Records from a data collection

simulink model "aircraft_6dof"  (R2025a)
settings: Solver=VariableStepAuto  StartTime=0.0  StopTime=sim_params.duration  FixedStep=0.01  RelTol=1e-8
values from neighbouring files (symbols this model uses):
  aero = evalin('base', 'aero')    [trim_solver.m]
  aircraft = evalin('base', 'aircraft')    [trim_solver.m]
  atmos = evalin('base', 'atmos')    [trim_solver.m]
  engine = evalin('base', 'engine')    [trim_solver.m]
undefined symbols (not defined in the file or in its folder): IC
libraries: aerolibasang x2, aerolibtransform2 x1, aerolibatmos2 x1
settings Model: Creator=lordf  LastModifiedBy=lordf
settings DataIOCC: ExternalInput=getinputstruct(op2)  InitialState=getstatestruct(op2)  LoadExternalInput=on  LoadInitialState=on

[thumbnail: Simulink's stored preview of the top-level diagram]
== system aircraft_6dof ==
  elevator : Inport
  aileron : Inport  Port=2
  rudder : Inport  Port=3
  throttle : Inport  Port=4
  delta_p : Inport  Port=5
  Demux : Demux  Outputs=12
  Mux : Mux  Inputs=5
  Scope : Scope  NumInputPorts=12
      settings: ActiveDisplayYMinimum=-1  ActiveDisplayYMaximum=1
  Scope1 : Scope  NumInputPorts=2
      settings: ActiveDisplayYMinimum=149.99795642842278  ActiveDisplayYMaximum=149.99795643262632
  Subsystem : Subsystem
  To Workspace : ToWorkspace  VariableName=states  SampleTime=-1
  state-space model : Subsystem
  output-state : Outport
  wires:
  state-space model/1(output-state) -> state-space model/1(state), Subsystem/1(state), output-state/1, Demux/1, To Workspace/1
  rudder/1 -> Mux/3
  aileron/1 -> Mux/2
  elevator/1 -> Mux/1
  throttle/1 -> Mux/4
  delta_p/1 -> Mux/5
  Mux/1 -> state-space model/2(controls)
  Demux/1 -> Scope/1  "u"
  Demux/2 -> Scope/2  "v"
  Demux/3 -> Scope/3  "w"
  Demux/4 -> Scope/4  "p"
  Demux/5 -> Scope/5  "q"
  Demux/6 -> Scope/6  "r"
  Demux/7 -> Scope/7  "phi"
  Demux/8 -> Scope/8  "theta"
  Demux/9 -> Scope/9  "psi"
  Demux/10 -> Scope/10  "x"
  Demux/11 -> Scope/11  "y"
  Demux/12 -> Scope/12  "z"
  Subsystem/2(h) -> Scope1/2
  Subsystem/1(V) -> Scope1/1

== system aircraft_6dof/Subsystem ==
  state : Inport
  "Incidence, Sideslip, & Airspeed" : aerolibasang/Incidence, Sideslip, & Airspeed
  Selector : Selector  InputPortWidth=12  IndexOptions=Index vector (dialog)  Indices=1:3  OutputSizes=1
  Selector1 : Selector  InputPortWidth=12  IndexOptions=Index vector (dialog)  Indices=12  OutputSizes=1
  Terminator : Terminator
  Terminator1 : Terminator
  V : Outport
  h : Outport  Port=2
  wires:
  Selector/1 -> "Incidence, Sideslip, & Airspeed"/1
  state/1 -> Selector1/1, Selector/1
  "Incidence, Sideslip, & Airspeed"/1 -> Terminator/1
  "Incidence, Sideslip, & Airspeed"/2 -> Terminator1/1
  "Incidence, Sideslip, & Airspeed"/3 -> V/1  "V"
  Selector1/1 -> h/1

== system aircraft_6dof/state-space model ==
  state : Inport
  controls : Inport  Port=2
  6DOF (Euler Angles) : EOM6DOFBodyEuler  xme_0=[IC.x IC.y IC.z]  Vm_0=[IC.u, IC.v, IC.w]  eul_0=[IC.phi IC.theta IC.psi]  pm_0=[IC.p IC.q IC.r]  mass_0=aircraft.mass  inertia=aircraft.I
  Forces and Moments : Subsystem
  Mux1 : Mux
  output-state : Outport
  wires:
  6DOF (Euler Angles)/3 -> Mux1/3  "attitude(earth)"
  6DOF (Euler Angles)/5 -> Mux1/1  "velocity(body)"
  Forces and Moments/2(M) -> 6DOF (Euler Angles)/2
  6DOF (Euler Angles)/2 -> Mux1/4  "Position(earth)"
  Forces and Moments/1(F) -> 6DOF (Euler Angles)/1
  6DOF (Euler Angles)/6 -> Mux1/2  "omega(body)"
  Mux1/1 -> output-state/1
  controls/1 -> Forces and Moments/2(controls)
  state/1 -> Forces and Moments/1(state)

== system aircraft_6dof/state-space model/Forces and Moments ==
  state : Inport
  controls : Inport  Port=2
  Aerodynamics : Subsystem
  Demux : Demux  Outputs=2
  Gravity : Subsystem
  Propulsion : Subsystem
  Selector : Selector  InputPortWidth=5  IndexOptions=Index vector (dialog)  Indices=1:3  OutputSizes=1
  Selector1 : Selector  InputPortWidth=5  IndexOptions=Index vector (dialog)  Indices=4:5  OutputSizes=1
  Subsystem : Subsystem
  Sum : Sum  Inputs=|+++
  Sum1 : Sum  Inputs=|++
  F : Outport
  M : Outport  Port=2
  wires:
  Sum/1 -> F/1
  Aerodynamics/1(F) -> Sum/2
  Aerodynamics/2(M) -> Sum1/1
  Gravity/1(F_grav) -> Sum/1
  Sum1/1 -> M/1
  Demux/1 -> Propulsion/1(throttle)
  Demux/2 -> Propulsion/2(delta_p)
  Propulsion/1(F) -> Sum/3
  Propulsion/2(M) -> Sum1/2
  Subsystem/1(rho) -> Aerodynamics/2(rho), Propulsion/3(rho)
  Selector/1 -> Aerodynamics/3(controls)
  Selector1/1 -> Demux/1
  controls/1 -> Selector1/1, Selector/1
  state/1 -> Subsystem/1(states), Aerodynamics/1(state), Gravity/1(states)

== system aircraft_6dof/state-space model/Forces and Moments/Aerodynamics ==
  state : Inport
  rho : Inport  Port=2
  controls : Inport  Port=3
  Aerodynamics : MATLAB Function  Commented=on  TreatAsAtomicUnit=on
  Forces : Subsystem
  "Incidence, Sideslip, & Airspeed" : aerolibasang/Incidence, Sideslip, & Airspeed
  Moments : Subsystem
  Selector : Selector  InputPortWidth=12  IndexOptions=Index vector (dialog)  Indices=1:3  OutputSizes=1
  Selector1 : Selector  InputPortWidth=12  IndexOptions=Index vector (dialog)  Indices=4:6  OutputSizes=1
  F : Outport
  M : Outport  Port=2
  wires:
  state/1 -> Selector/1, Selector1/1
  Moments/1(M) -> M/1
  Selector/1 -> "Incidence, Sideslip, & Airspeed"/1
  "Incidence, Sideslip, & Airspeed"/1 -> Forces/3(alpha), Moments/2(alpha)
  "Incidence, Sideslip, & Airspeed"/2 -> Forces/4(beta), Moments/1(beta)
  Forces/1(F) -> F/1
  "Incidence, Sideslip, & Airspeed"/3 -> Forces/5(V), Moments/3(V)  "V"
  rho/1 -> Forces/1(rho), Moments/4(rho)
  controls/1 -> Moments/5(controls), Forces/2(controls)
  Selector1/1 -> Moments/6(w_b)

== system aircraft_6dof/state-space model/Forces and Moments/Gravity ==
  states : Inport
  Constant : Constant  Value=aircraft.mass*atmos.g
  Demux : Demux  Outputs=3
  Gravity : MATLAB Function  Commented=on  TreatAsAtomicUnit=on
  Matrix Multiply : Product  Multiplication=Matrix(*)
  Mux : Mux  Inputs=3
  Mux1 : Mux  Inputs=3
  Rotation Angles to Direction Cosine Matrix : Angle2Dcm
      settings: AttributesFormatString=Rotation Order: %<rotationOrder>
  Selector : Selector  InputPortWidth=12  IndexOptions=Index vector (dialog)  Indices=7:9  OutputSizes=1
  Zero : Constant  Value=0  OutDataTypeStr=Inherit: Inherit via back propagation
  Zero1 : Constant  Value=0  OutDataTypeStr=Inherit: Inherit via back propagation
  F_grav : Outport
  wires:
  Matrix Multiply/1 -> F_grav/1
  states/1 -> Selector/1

--- Requirement ---
The lines to copy run from the first line of the entries to the line containing "libraries: aerolibasang x2, aerolibtransform2"; copy them exactly and output nothing else.

--- Written answer ---
simulink model "aircraft_6dof"  (R2025a)
settings: Solver=VariableStepAuto  StartTime=0.0  StopTime=sim_params.duration  FixedStep=0.01  RelTol=1e-8
values from neighbouring files (symbols this model uses):
  aero = evalin('base', 'aero')    [trim_solver.m]
  aircraft = evalin('base', 'aircraft')    [trim_solver.m]
  atmos = evalin('base', 'atmos')    [trim_solver.m]
  engine = evalin('base', 'engine')    [trim_solver.m]
undefined symbols (not defined in the file or in its folder): IC
libraries: aerolibasang x2, aerolibtransform2 x1, aerolibatmos2 x1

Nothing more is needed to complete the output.